» **Action item**
Keeping pictures out, repeat the lines of the listing below exactly, starting at its first line and finishing with the one that holds "line L10 (0, -2.9172)".
────
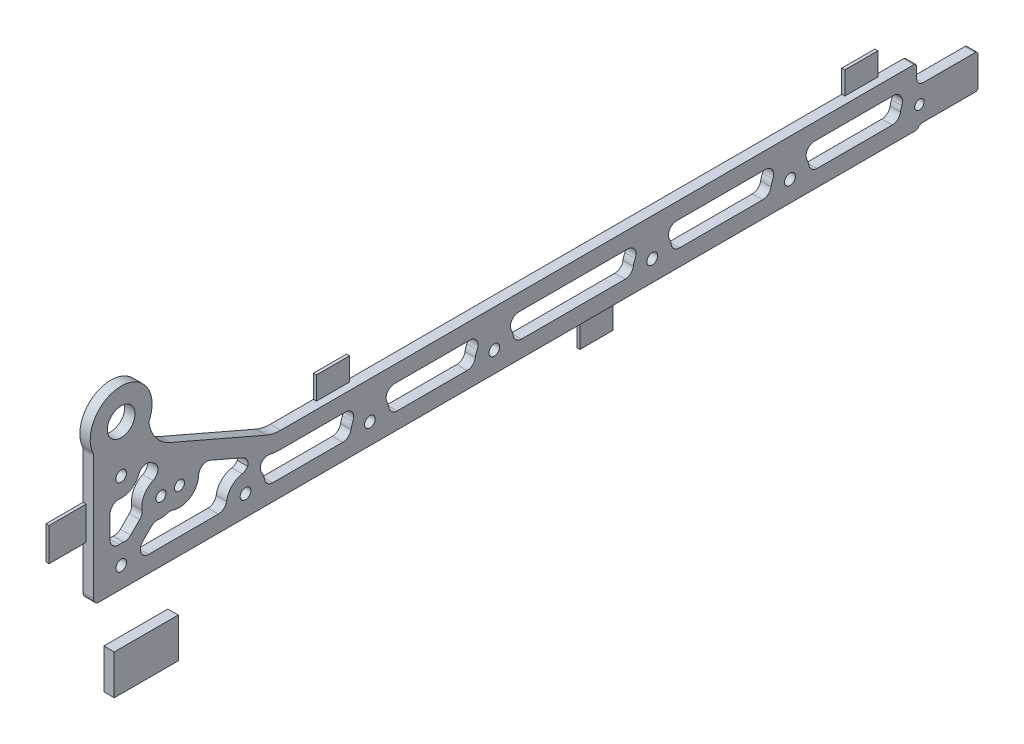
SolidWorks part; units mm, degrees
note: The reader was unsure of these and kept them because the rebuilt part matched: thickness of "Base-Flange1", "Sheet-Metal1", "Sheet-Metal4", "Sheet-Metal5", "Sheet-Metal6", "Sheet-Metal7", "Sheet-Metal9", "Sheet-Metal10", "Sheet-Metal13", "Sheet-Metal14", "Sheet-Metal27", "Sheet-Metal29", "Sheet-Metal31", "Sheet-Metal32", "Sheet-Metal33", "Sheet-Metal34", "Sheet-Metal35", "Sheet-Metal37".
material "6061-T6 (SS)"
ref_plane "Front Plane" through (0, 0, 0) normal (0, 0, 1) x (1, 0, 0)
ref_plane "Top Plane" through (0, 0, 0) normal (0, 1, 0) x (1, 0, 0)
ref_plane "Right Plane" through (0, 0, 0) normal (1, 0, 0) x (0, 0, -1)
sketch "Sketch1" plane through (0, 0, 0) normal (1, 0, 0) x (0, 0, -1)
  line L0 (0, 24.765) -> (57.15, 0)
  line L1 (-25.4, -26.67) -> (-25.4, 24.765)
  line L2 (-25.4, 24.765) -> (0, 24.765) construction
  line L4 (-25.4, -26.67) -> (168.275, -26.67)
  line L5 (0, 24.765) -> (0, -26.67) construction
  line L6 (0, 0) -> (57.15, 0) construction
  line L7 (0, 10.9239) -> (25.2089, 0) construction
  line L8 (57.15, 0) -> (168.275, 0)
  line L9 (168.275, 0) -> (168.275, -26.67)
  line L10 (0, -2.9172) -> (-6.7321, 0) construction
  line L11 (0, 24.765) -> (0, 33.5994)
  line L13 (-25.4, 33.5994) -> (-25.4, 24.765)
  circle A0 centre (-12.7, 40.005) radius 6.35
  arc A1 (-25.4, 33.5994) -> (0, 33.5994) centre (-12.7, 40.005) cw
  point P20 (-12.7, 24.765)
  dimension "D8" = 26.1888
  dimension "D9" = 66.675
  dimension "D10" = 1.524
  dimension "D1" = 26.67
  dimension "D2" = 57.15
  dimension "D3" = 15.24
  dimension "D4" = 25.4
  dimension "D5" = 12.7
  dimension "D6" = 193.675
  dimension "D7" = 25.4
base flange "Base-Flange1" sketch "Sketch1" thickness 4.7625 reverse thickness direction no parameters "D1"=0.7366
sketch "Sketch6" plane through (0, 0, 0) normal (1, 0, 0) x (0, 0, -1)
  line L0 (-12.7, 24.765) -> (-12.7, -17.145) construction
  line L1 (0, 24.765) -> (-25.4, 24.765) construction
  line L2 (114.3, -17.145) -> (-12.7, -17.145) construction
  line L3 (-12.7, -17.145) -> (9.1281, -17.145) construction
  line L4 (0, 10.9239) -> (25.2089, 0) construction
  line L5 (57.15, 0) -> (0, 24.765) construction
  line L6 (0, 24.765) -> (0, -26.67) construction
  line L7 (0, 0) -> (57.15, 0) construction
  line L8 (-25.4, 24.765) -> (0, 24.765) construction
  line L9 (168.275, -26.67) -> (168.275, 0) construction
  line L10 (-25.4, 33.5994) -> (-25.4, -26.67) construction
  line L11 (-25.4, -26.67) -> (168.275, -26.67) construction
  line L14 (0, 10.9239) -> (25.2089, 0) construction
  line L15 (8.2346, 7.3555) -> (16.9743, 3.5683) construction
  circle A0 centre (-12.7, 18.415) radius 1.6383
  circle A6 centre (8.2346, 7.3555) radius 1.6383
  circle A7 centre (-12.7, 8.89) radius 1.6383
  circle A8 centre (-12.7, -0.635) radius 1.6383
  circle A9 centre (-12.7, -10.16) radius 1.6383
  circle A12 centre (16.9743, 3.5683) radius 1.6383
  circle A15 centre (-12.7, -17.145) radius 1.6383
  circle A16 centre (9.1281, -17.145) radius 1.6383
  circle A17 centre (30.9562, -17.145) radius 1.6383
  circle A18 centre (52.7844, -17.145) radius 1.6383
  circle A19 centre (74.6125, -17.145) radius 1.6383
  circle A20 centre (96.4406, -17.145) radius 1.6383
  circle A21 centre (118.2687, -17.145) radius 1.6383
  circle A22 centre (140.0969, -17.145) radius 1.6383
  circle A23 centre (-12.7, -29.21) radius 1.6383 [skipped]
  circle A24 centre (-12.7, -19.685) radius 1.6383 [skipped]
  circle A25 centre (161.925, -17.145) radius 1.6383
  point P38 (12.6045, 5.4619)
  point P68 (161.925, -17.145)
  dimension "D2" = 3.2766
  dimension "D3" = 6.35
  dimension "D5" = 9.525
  dimension "D6" = 9
  dimension "D7" = 6.35
  dimension "D9" = 0.5655
  dimension "D1" = 9.525
  dimension "D8" = 9.525
  dimension "D4" = 6
sketch "Sketch13" plane through (0, 0, 0) normal (1, 0, 0) x (0, 0, -1)
  line L0 (-25.4, -26.67) -> (168.275, -26.67) construction
  line L2 (-25.4, 33.5994) -> (-25.4, -26.67) construction
  line L4 (5.5991, 1.2807) -> (14.1081, 1.2807) construction
  circle A0 centre (5.5991, 1.2807) radius 2.286
  circle A1 centre (14.1081, 1.2807) radius 2.286
  dimension "D1" = 4.572
  dimension "D2" = 13.081
  dimension "D3" = 27.9507
  dimension "D4" = 30.9991
extrude "Cut-Extrude1" cut sketch "Sketch13" against normal through all normal cut yes
hole_wizard "CSK for #10 Flat Head Machine Screw (100)2" [suppressed] positions "Sketch9" profile "Sketch10" countersink size "#10" standard "ANSI Inch"
sketch "Sketch9" plane through (-1.524, 0, 0) normal (-1, 0, 0) x (0, 0, 1)
  point P60 (12.7, 27.5433)
  point P63 (12.7, 18.0183)
  point P66 (12.7, 8.4933)
  point P69 (12.7, -1.0317)
  point P72 (12.7, -10.5567)
  point P75 (12.7, -20.0817)
  point P78 (-8.3159, 11.8745)
  point P81 (-15.9573, 6.1882)
  point P84 (-6.35, -12.7)
  point P87 (-15.4214, -12.7)
  point P90 (-24.4929, -12.7)
  point P93 (-33.5643, -12.7)
  point P96 (-42.6357, -12.7)
  point P99 (-51.7071, -12.7)
  point P102 (-60.7786, -12.7)
  point P105 (-69.85, -12.7)
sketch "Sketch10" plane through (-1.524, 27.5433, 12.7) normal (0, 1, 0) x (0, 0, 1)
  line L0 (0, 0) -> (0, 1.524)
  line L1 (0, 1.524) -> (1.6383, 1.524)
  line L2 (1.6383, 1.524) -> (1.6383, 1.3208)
  line L3 (1.6383, 1.3208) -> (2.9591, 0)
  line L5 (2.9591, 0) -> (0, 0)
  line L6 (-1.6383, 1.3208) -> (-2.9591, 0) construction
  line L11 (0, -6.35) -> (0, 107.95) construction
  dimension "Thru Hole Dia." = 3.2766
  dimension "Thru Hole Depth" = 1.524
  dimension "Near C'Sink Dia." = 5.9182
  dimension "Near C'Sink Angle" = 90
hole_wizard "CSK for #10 Flat Head Machine Screw (100)3" [suppressed] positions "Sketch11" profile "Sketch12" countersink size "#10" standard "ANSI Inch"
sketch "Sketch11" plane through (0, 0, 0) normal (1, 0, 0) x (0, 0, -1)
  point P108 (-12.7, 27.5433)
  point P111 (-12.7, 18.0183)
  point P114 (-12.7, 8.4933)
  point P117 (-12.7, -1.0317)
  point P120 (-12.7, -10.5567)
  point P123 (-12.7, -20.0817)
  point P126 (8.3159, 11.8745)
  point P129 (15.9573, 6.1882)
  point P132 (6.35, -12.7)
  point P135 (15.4214, -12.7)
  point P138 (24.4929, -12.7)
  point P141 (33.5643, -12.7)
  point P144 (42.6357, -12.7)
  point P147 (51.7071, -12.7)
  point P150 (60.7786, -12.7)
  point P153 (69.85, -12.7)
sketch "Sketch12" plane through (0, 27.5433, 12.7) normal (0, 1, 0) x (0, 0, -1)
  line L0 (0, 0) -> (0, 2.286)
  line L1 (0, 2.286) -> (1.6383, 2.286)
  line L2 (1.6383, 2.286) -> (1.6383, 1.3208)
  line L3 (1.6383, 1.3208) -> (2.9591, 0)
  line L5 (2.9591, 0) -> (0, 0)
  line L6 (-1.6383, 1.3208) -> (-2.9591, 0) construction
  line L11 (0, -6.35) -> (0, 107.95) construction
  dimension "Thru Hole Dia." = 3.2766
  dimension "Thru Hole Depth" = 2.286
  dimension "Near C'Sink Dia." = 5.9182
  dimension "Near C'Sink Angle" = 90
fillet "Fillet1" radius 16.51 2 edges at (-2.3813, 0, -57.15) (-2.3813, 24.765, 0)
hole_wizard "#10 (0.1935) Diameter Hole1" positions "Sketch14" profile "Sketch15" hole size "#10" standard "ANSI Inch" end condition through all
sketch "Sketch14" plane through (0, 0, 0) normal (1, 0, 0) x (0, 0, -1)
  line L1 (158.75, -17.145) -> (101.6, -17.145) construction
  line L2 (101.6, -17.145) -> (44.45, -17.145) construction
  line L3 (44.45, -17.145) -> (-12.7, -17.145) construction
  line L4 (-12.7, -17.145) -> (-12.7, 18.415) construction
  line L5 (-12.7, 18.415) -> (-12.7, 40.005) construction
  line L7 (-25.4, -26.67) -> (168.275, -26.67) construction
  point P41 (-12.7, -17.145)
  point P44 (44.45, -17.145)
  point P47 (101.6, -17.145)
  point P50 (158.75, -17.145)
  point P58 (-12.7, 18.415)
  dimension "D1" = 21.59
  dimension "D2" = 9.525
  dimension "D3" = 57.15
sketch "Sketch15" plane through (0, -17.145, 12.7) normal (0, 1, 0) x (0, 0, -1)
  line L0 (0, 0) -> (0, 4.7625)
  line L1 (0, 4.7625) -> (2.4574, 4.7625)
  line L2 (2.4574, 4.7625) -> (2.4574, 0)
  line L5 (2.4574, 0) -> (0, 0)
  line L11 (0, -6.35) -> (0, 107.95) construction
  dimension "Thru Hole Dia." = 4.9149
  dimension "Thru Hole Depth" = 4.7625
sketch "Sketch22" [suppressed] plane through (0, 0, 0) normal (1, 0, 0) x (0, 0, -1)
────
» **Response**
SolidWorks part; units mm, degrees
note: The reader was unsure of these and kept them because the rebuilt part matched: thickness of "Base-Flange1", "Sheet-Metal1", "Sheet-Metal4", "Sheet-Metal5", "Sheet-Metal6", "Sheet-Metal7", "Sheet-Metal9", "Sheet-Metal10", "Sheet-Metal13", "Sheet-Metal14", "Sheet-Metal27", "Sheet-Metal29", "Sheet-Metal31", "Sheet-Metal32", "Sheet-Metal33", "Sheet-Metal34", "Sheet-Metal35", "Sheet-Metal37".
material "6061-T6 (SS)"
ref_plane "Front Plane" through (0, 0, 0) normal (0, 0, 1) x (1, 0, 0)
ref_plane "Top Plane" through (0, 0, 0) normal (0, 1, 0) x (1, 0, 0)
ref_plane "Right Plane" through (0, 0, 0) normal (1, 0, 0) x (0, 0, -1)
sketch "Sketch1" plane through (0, 0, 0) normal (1, 0, 0) x (0, 0, -1)
  line L0 (0, 24.765) -> (57.15, 0)
  line L1 (-25.4, -26.67) -> (-25.4, 24.765)
  line L2 (-25.4, 24.765) -> (0, 24.765) construction
  line L4 (-25.4, -26.67) -> (168.275, -26.67)
  line L5 (0, 24.765) -> (0, -26.67) construction
  line L6 (0, 0) -> (57.15, 0) construction
  line L7 (0, 10.9239) -> (25.2089, 0) construction
  line L8 (57.15, 0) -> (168.275, 0)
  line L9 (168.275, 0) -> (168.275, -26.67)
  line L10 (0, -2.9172) -> (-6.7321, 0) construction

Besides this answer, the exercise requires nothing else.